====== RECORDED DATA ======
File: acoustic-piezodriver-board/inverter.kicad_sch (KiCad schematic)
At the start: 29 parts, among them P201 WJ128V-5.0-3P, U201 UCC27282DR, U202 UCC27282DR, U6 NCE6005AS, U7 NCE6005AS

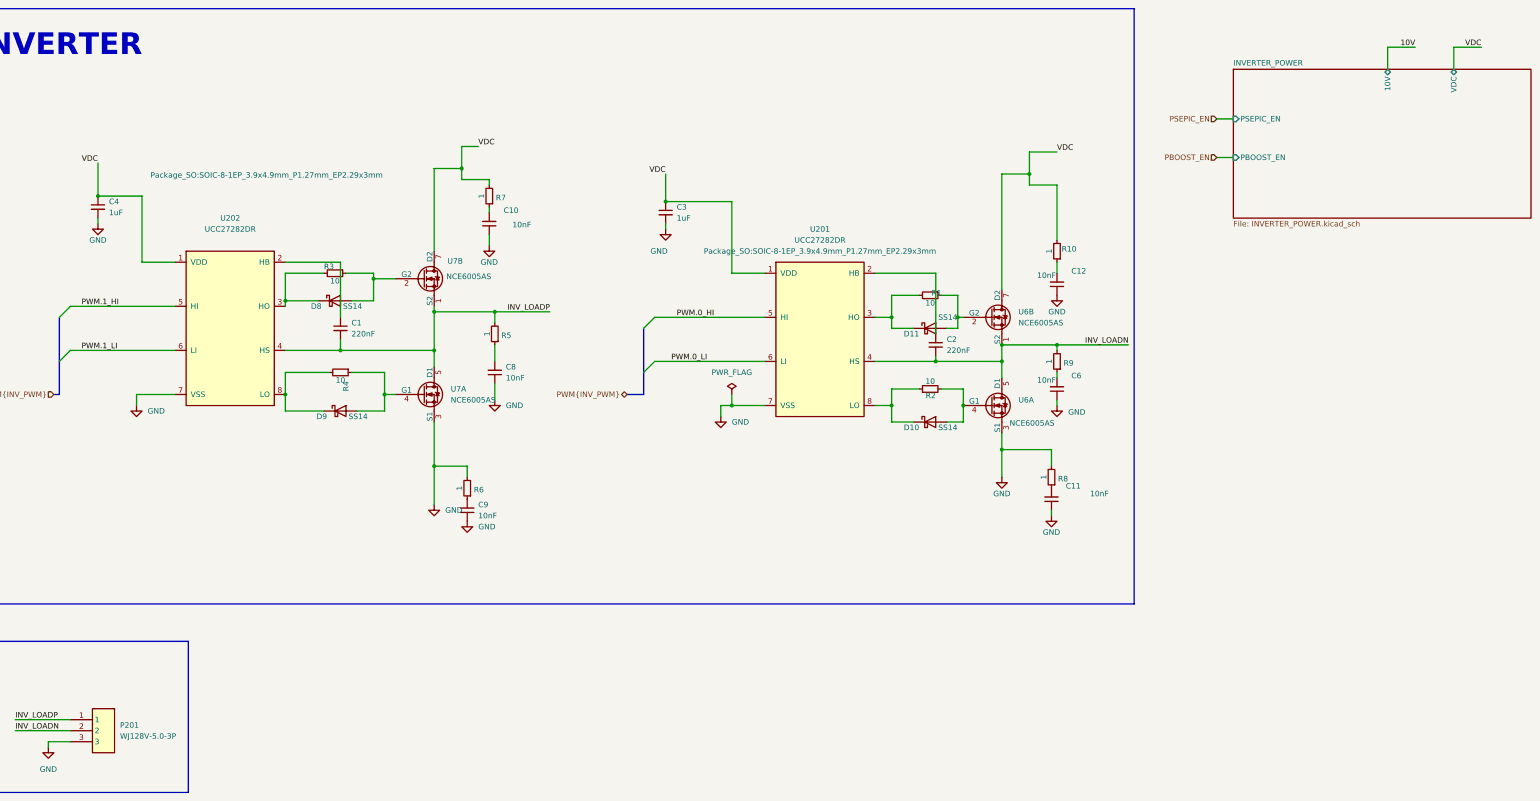
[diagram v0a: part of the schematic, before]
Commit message: [schematic] added adc for temperature measurement, current sense resistors, [layout] component placement, connector placement
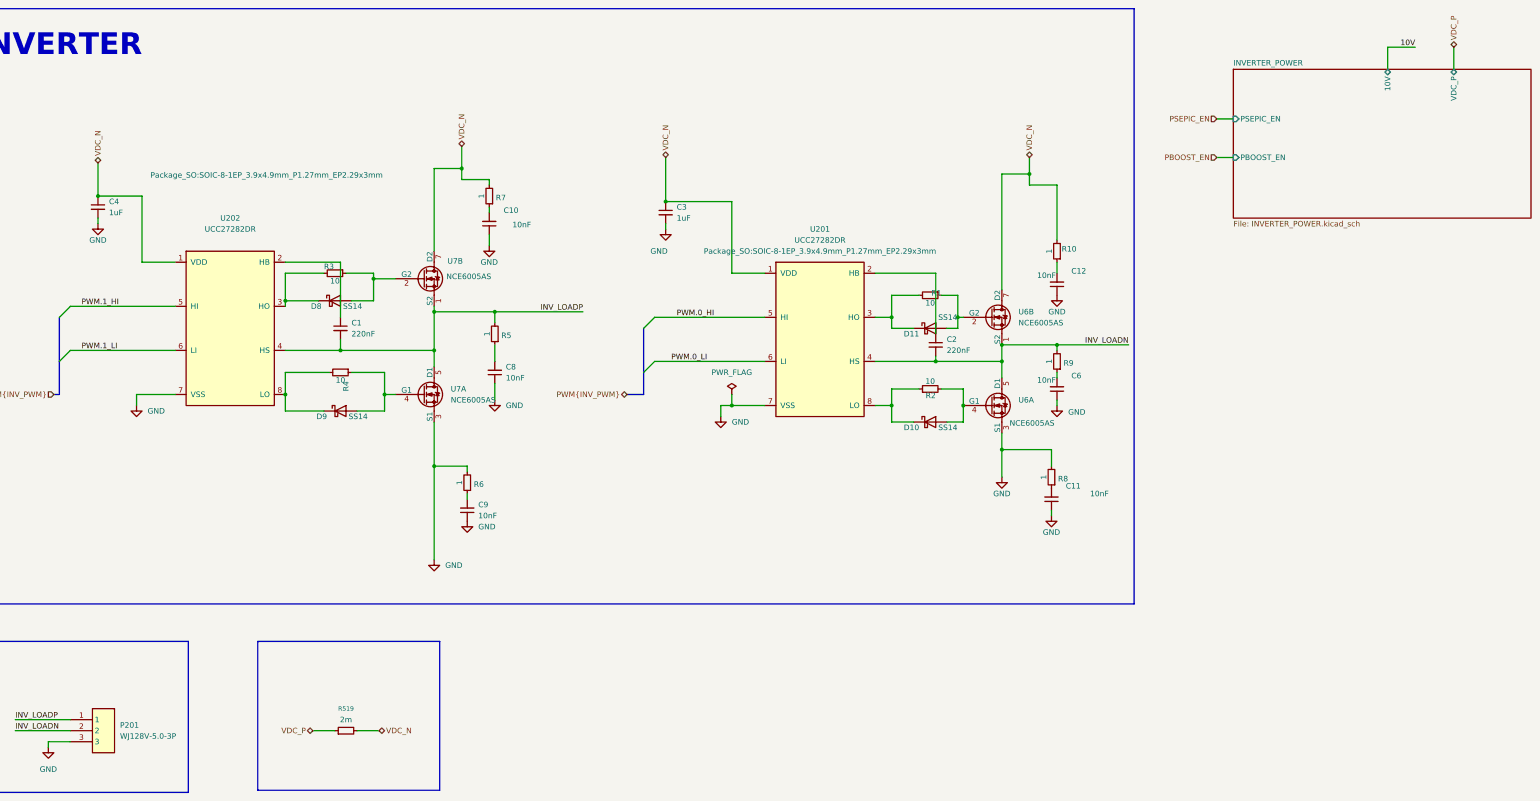
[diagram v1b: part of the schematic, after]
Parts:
- added R519: 2m, Resistor_SMD:R_2512_6332Metric, symbol Device:R_Small
- U7: footprint (none) -> Package_SO:SOIC-8_3.9x4.9mm_P1.27mm
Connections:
- net VDC renamed VDC_N
- net VDC_N: now also R519.2
- new net VDC_P: R519.1
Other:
- sheet INVERTER_POWER ports: added VDC_P; removed VDC
- moved on the sheet: R6

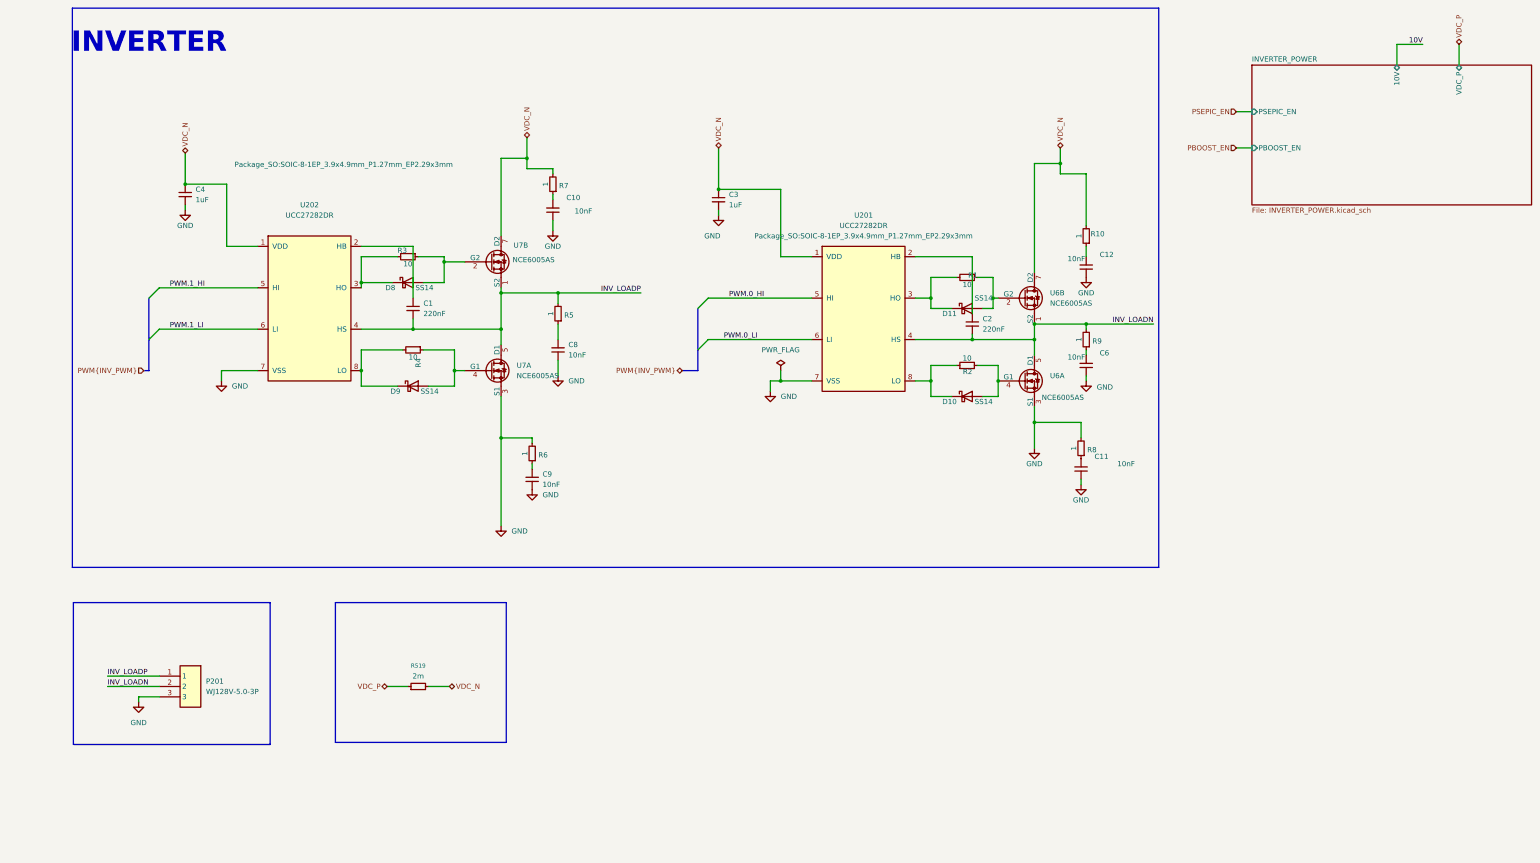
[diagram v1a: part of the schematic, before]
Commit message: found hal-sensor, replaced with different one for lower voltage signal source impedance, reorganised schematic
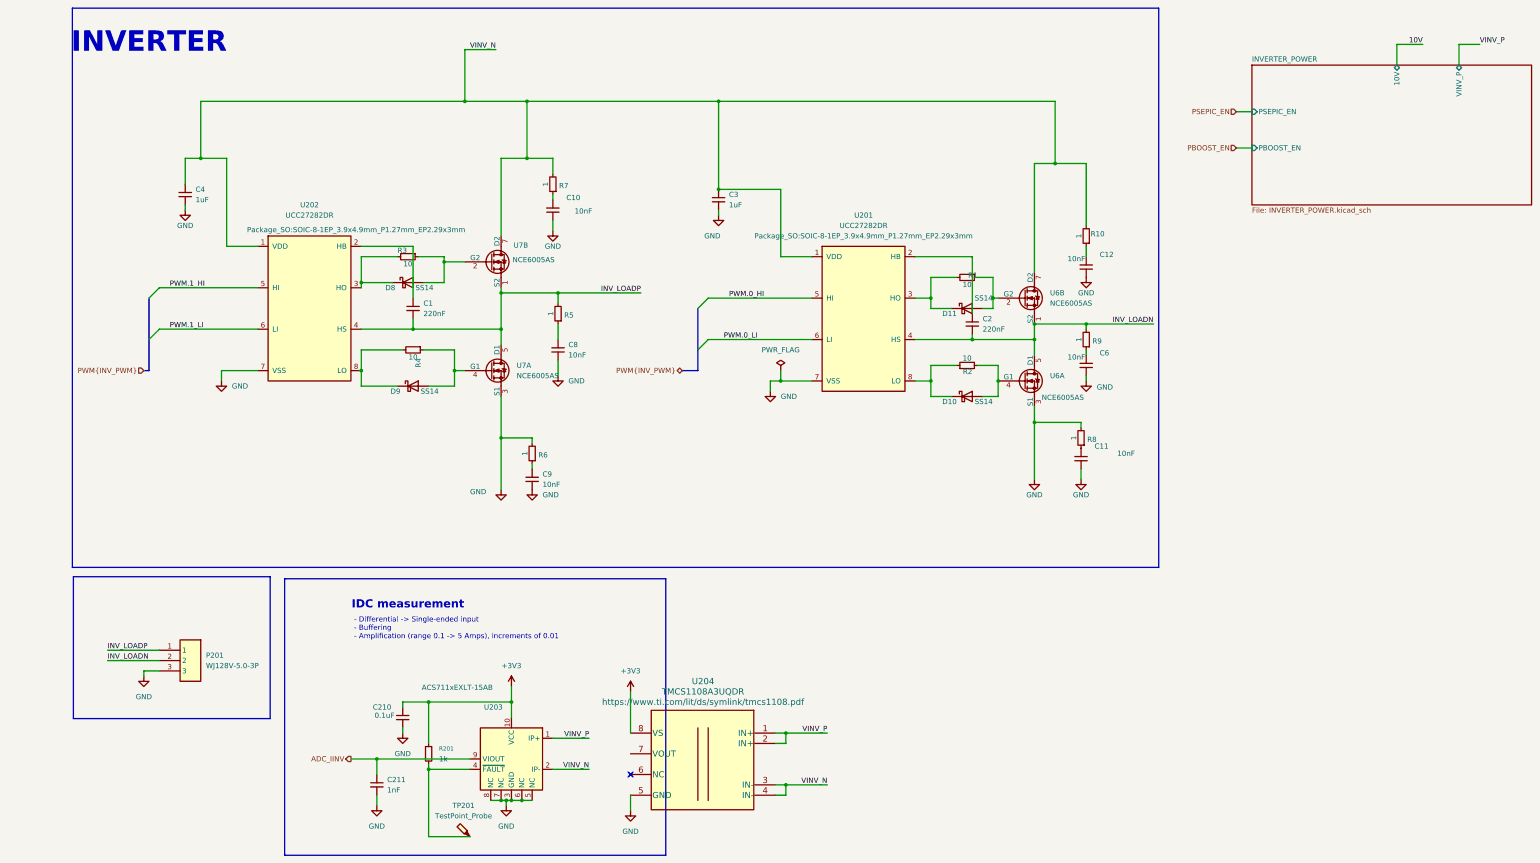
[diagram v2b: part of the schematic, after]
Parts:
- removed R519: 2m, Resistor_SMD:R_2512_6332Metric, symbol Device:R_Small
- added C210: 0.1uF, Capacitor_SMD:C_0402_1005Metric, symbol Device:C_Small
- added C211: 1nF, Capacitor_SMD:C_0402_1005Metric, symbol Device:C_Small
- added R201: 1k, Resistor_SMD:R_0603_1608Metric, symbol Device:R_Small
- added TP201: TestPoint_Probe, TestPoint:TestPoint_Pad_D1.0mm, symbol Connector:TestPoint_Probe
- added U203: ACS711xEXLT-15AB, Sensor_Current:Allegro_QFN-12-10-1EP_3x3mm_P0.5mm, symbol Sensor_Current:ACS711xEXLT-15AB
- added U204: TMCS1108A3UQDR, iw-power:TMCS1108A3UQDR, symbol iw-power:TMCS1108A3UQDR
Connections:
- net GND: now also C210.2, C211.2, U203.3 (GND), U203.5 (NC), U203.6 (NC), U203.7 (NC), U203.8 (NC), U204.5 (GND)
- net VDC_N renamed VINV_N
- net VINV_N: now also U203.2 (IP-), U204.3 (IN-), U204.4 (IN-)
- new net: R201.2, TP201.1, U203.4 (~{FAULT})
- new net +3V3: C210.1, R201.1, U203.10 (VCC), U204.8 (VS)
- new net ADC_IINV: C211.1, U203.9 (VIOUT)
- new net VINV_P: U203.1 (IP+), U204.1 (IN+), U204.2 (IN+)
- no-connect marks 0 -> 1
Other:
- sheet INVERTER_POWER ports: added VINV_P; removed VDC_P
- note added: "- Differential -> Single-ended input - Buffering - Amplification (range 0.1 -> 5 Amps), increments of 0.01"
- note added: "IDC measurement"
- moved on the sheet: C11, P201, R8

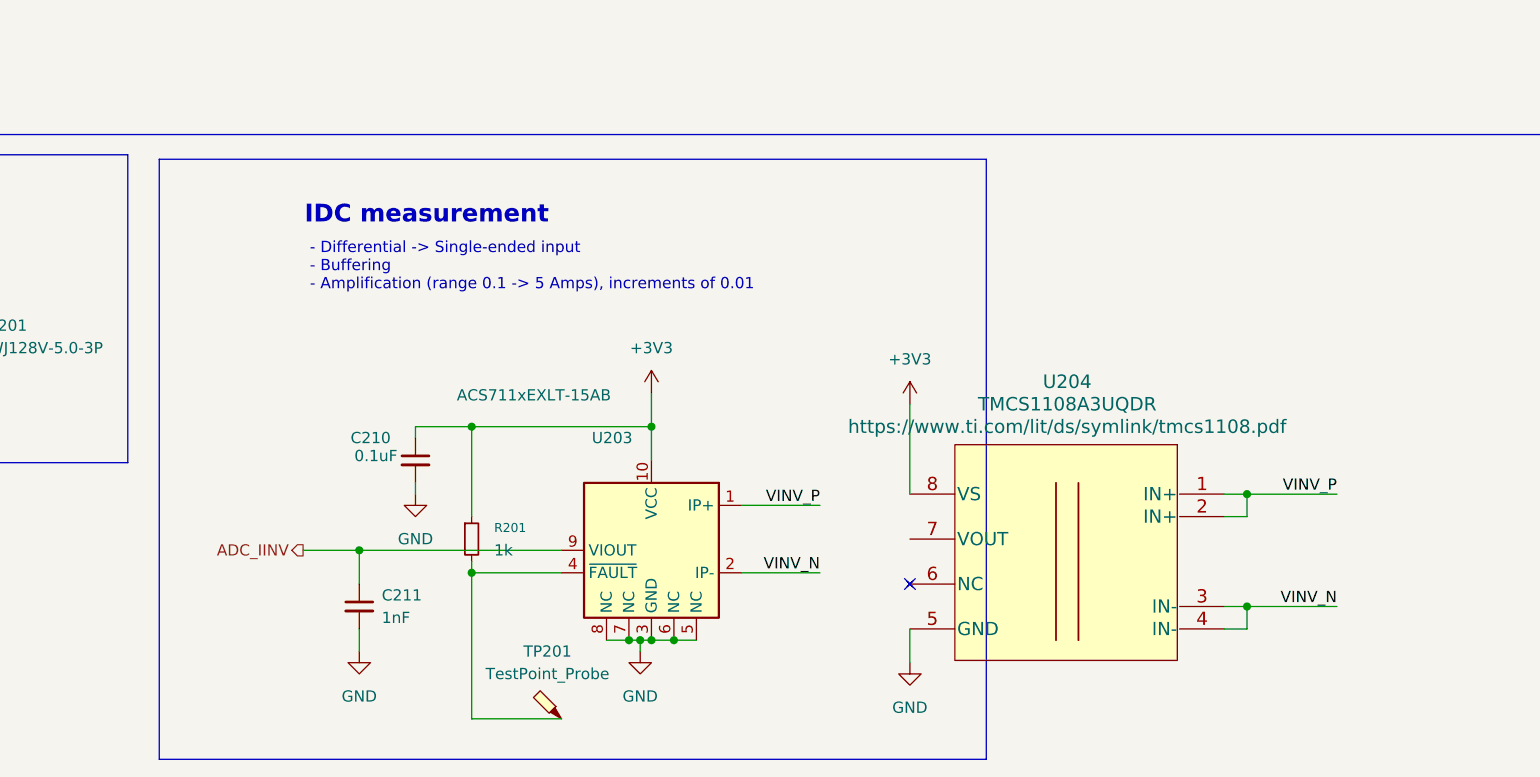
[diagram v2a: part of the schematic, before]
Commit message: added new notes + schematic component hal sensors
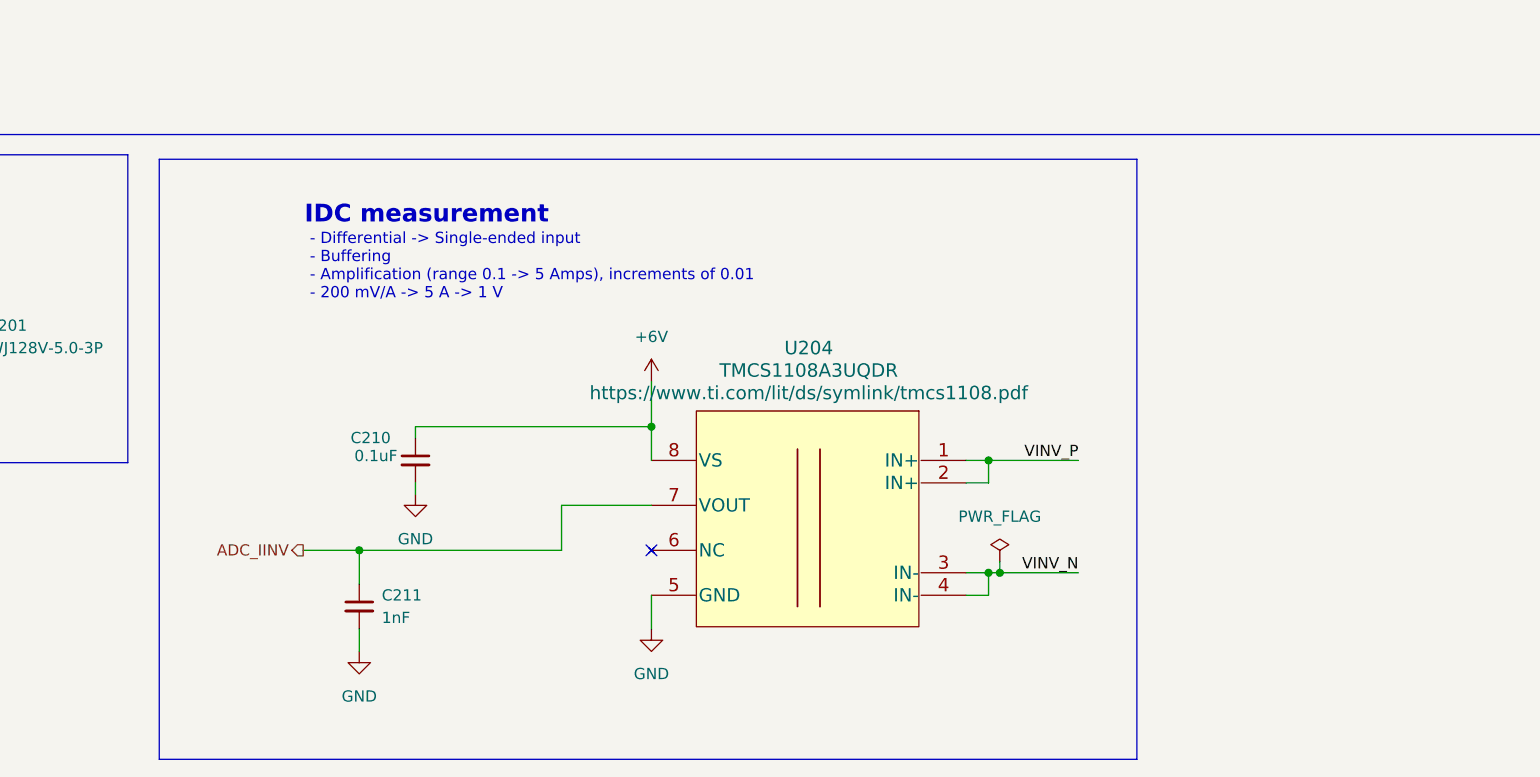
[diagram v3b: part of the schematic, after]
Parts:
- removed R201: 1k, Resistor_SMD:R_0603_1608Metric, symbol Device:R_Small
- removed TP201: TestPoint_Probe, TestPoint:TestPoint_Pad_D1.0mm, symbol Connector:TestPoint_Probe
- removed U203: ACS711xEXLT-15AB, Sensor_Current:Allegro_QFN-12-10-1EP_3x3mm_P0.5mm, symbol Sensor_Current:ACS711xEXLT-15AB
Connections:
- net ADC_IINV: now also U204.7 (VOUT)
- net +3V3 renamed +6V
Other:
- note added: "- Differential -> Single-ended input - Buffering - Amplification (range 0.1 -> 5 Amps), increments of 0.01 - 200 mV/A -> 5 A -> 1 V"
- note removed: "- Differential -> Single-ended input - Buffering - Amplification (range 0.1 -> 5 Amps), increments of 0.01"
- moved on the sheet: U204
======
EXERCISE: The lines needed are those in the data above that hold the string "before"; copy each of them.

ANSWER FOR THIS EXERCISE:
[diagram v0a: part of the schematic, before]
[diagram v1a: part of the schematic, before]
[diagram v2a: part of the schematic, before]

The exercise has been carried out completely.